According to Mintel* 64% of UK consumers believe highly processed foods are unhealthy and in several European countries, a high percentage of consumers report attempting to avoid UPFs, with figures reaching as high as 84% in Spain, 83% in France and 81% in  Italy. 

Public health policies in some countries are starting to address UPF consumption. Brazil, for instance, advises against UPFs in its dietary guidelines, and similar advice is being incorporated in the policies of countries like Canada, Ecuador, and Belgium. France has set a target to reduce UPF consumption by 20% by 2022. 

This shift in perception is also reflected in the demand for 'clean', 'real', and minimally processed foods, as consumers seek alternatives that are perceived as healthier. 
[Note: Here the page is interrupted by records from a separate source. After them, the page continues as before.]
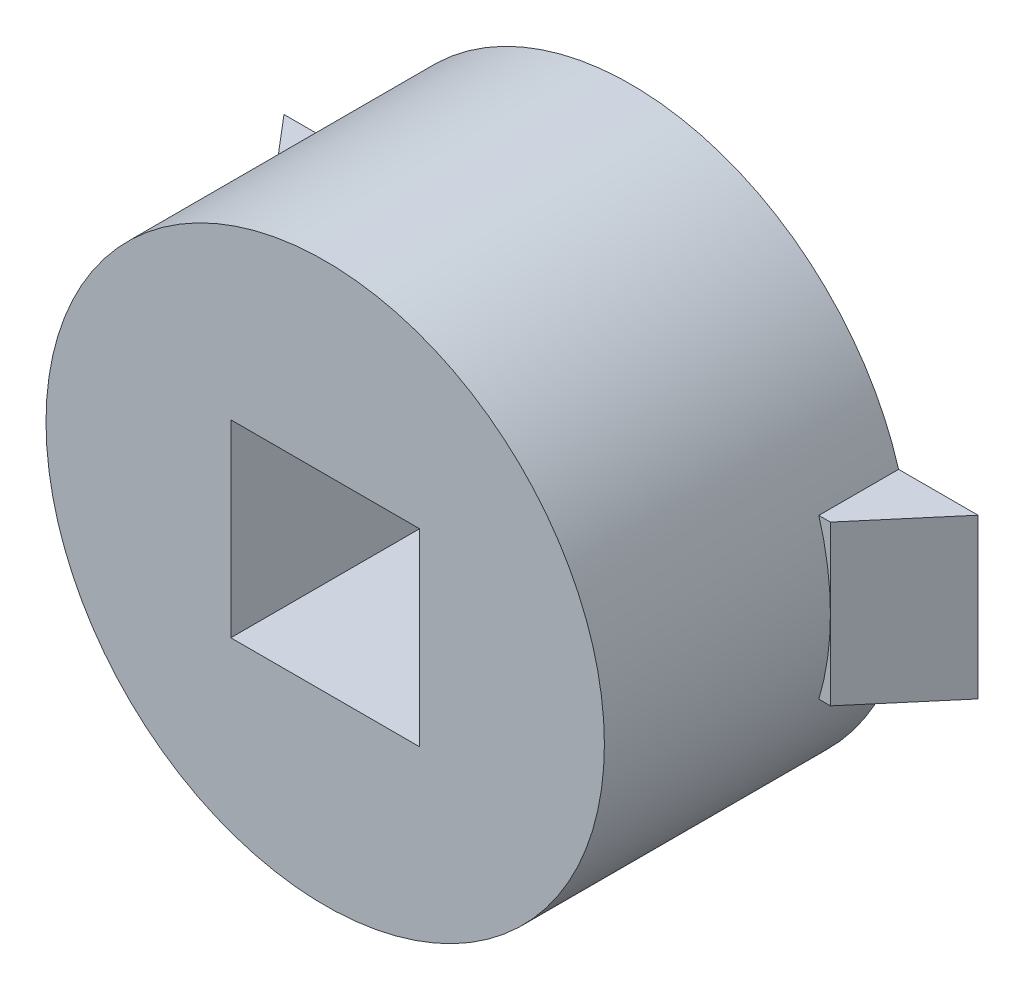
from build123d import *

# Parameters (mm, degrees)
SKETCH1_R           = 21
BOSS_EXTRUDE1_DEPTH = 23
SKETCH2_W           = 14.2
SKETCH2_H           = 14.2
CUT_EXTRUDE1_DEPTH  = 22
SKETCH3_R           = 6.5
CUT_EXTRUDE2_DEPTH  = 22
SKETCH6_W           = 10.199811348
SKETCH6_H           = 11.971019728
BOSS_EXTRUDE2_DEPTH = 6
CUT_EXTRUDE3_DEPTH  = 14


with BuildPart() as part:
    # Sketch1 → Boss-Extrude1 (new body)
    with BuildSketch(Plane.XY):
        Circle(SKETCH1_R)
    extrude(amount=BOSS_EXTRUDE1_DEPTH)

    # Sketch2 → Cut-Extrude1 (cut)
    with BuildSketch(Plane.XY.offset(23)):
        Rectangle(SKETCH2_W, SKETCH2_H)
    extrude(amount=-CUT_EXTRUDE1_DEPTH, mode=Mode.SUBTRACT)

    # Sketch3 → Cut-Extrude2 (cut)
    with BuildSketch(Plane.XY.offset(1)):
        Circle(SKETCH3_R)
    extrude(amount=-CUT_EXTRUDE2_DEPTH, mode=Mode.SUBTRACT)

    # Sketch6 → Boss-Extrude2 (add)
    with BuildSketch(Plane(origin=(0, 0, 0), x_dir=(-1, 0, 0), z_dir=(0, 0, -1))):
        with Locations((-21, 0)):
            Rectangle(SKETCH6_W, SKETCH6_H)
        with Locations((21, 0)):
            Rectangle(SKETCH6_W, SKETCH6_H)
    extrude(amount=-BOSS_EXTRUDE2_DEPTH)

    # Sketch7 → Cut-Extrude3 (cut)
    with BuildSketch(Plane.XZ.offset(5.985509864)):
        Polygon((-26.099905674, 0), (-21, 6), (-26.099905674, 6), align=None)
        Polygon((26.099905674, 0), (21, 6), (26.099905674, 6), align=None)
    extrude(amount=-CUT_EXTRUDE3_DEPTH, mode=Mode.SUBTRACT)


solid = part.part

With consumers growing more concerned about ultra-processed foods (UPFs), restaurants and foodservice providers face a unique challenge: showing their commitment to clean labels in a way that resonates. 

 

Making ingredients clear on menus 

Transparency is essential when addressing concerns about UPFs. To ease this concern, operators should clearly list key ingredients on menus, focusing on whole, natural components. Descriptive, straightforward language emphasizing simplicity can highlight the purity of the food. Avoiding complex or chemical-sounding terms is crucial to prevent triggering associations with UPFs. 

 

Highlighting traditional preparation methods 

Consumers often link UPFs with industrial production, so highlighting traditional or artisanal cooking techniques is a smart way to differentiate. Describing methods that evoke home-style preparation—like "handcrafted," "slow-cooked," or "traditionally prepared"—can make a big impact. Open kitchens or live cooking stations also offer a powerful way to visually reassure customers that fresh, natural ingredients are being used. 

 

Empowering staff to tell the clean label story 

Your staff are key to communicating your clean label practices. They need to be well-versed in ingredients, sourcing, and preparation methods to confidently share the story behind each dish. Providing them with thorough training will allow them to convey the natural processes and respond to questions about additives and food processing. This personal interaction can deepen trust with customers and reinforce your clean label commitment. 

 

Connecting customers with ingredient origins 

People are curious about where their food comes from, so you can enhance their experience by sharing details about local or artisanal suppliers. Brief menu descriptions that tell the origin or tradition behind a dish can create a more personal connection. For customers who want more information, consider using QR codes that link to detailed ingredient stories or supplier profiles. 

 

Staying authentic 

Authenticity is crucial. Avoid overpromising or making claims you can’t fully back up. Be clear about which items are fully clean label and which are still a work in progress. If certain additives are necessary, explain their purpose openly. Consider sharing your clean label journey with customers, showing how you're improving and what your future goals are. 

 

In conclusion 

As concerns about UPFs continue to grow, foodservice operators have a unique opportunity to differentiate themselves by embracing transparent, clean label communication. Effectively conveying the naturalness and quality of your offerings can help build trust and loyalty among health-conscious consumers. improve consumer perceptions and drive preference for your foodservice offerings in today’s UPF-conscious market. 

 

 

Sources:  

*Mintel / NPD to improve perceptions of ultra-processed food  

UK Base: 1,000 internet users aged 16+, Source: Kantar Profiles/Mintel, February 2024 

 

Mintel / NPD to improve perceptions of ultra-processed food  

Base: Spain, France, Italy, Poland: 1,000 internet users aged 16+ in each market market; Germany, UK: 2,000 internet users aged 16+ in each market. Source: Kantar Profiles/Mintel, March 2023, December 2022.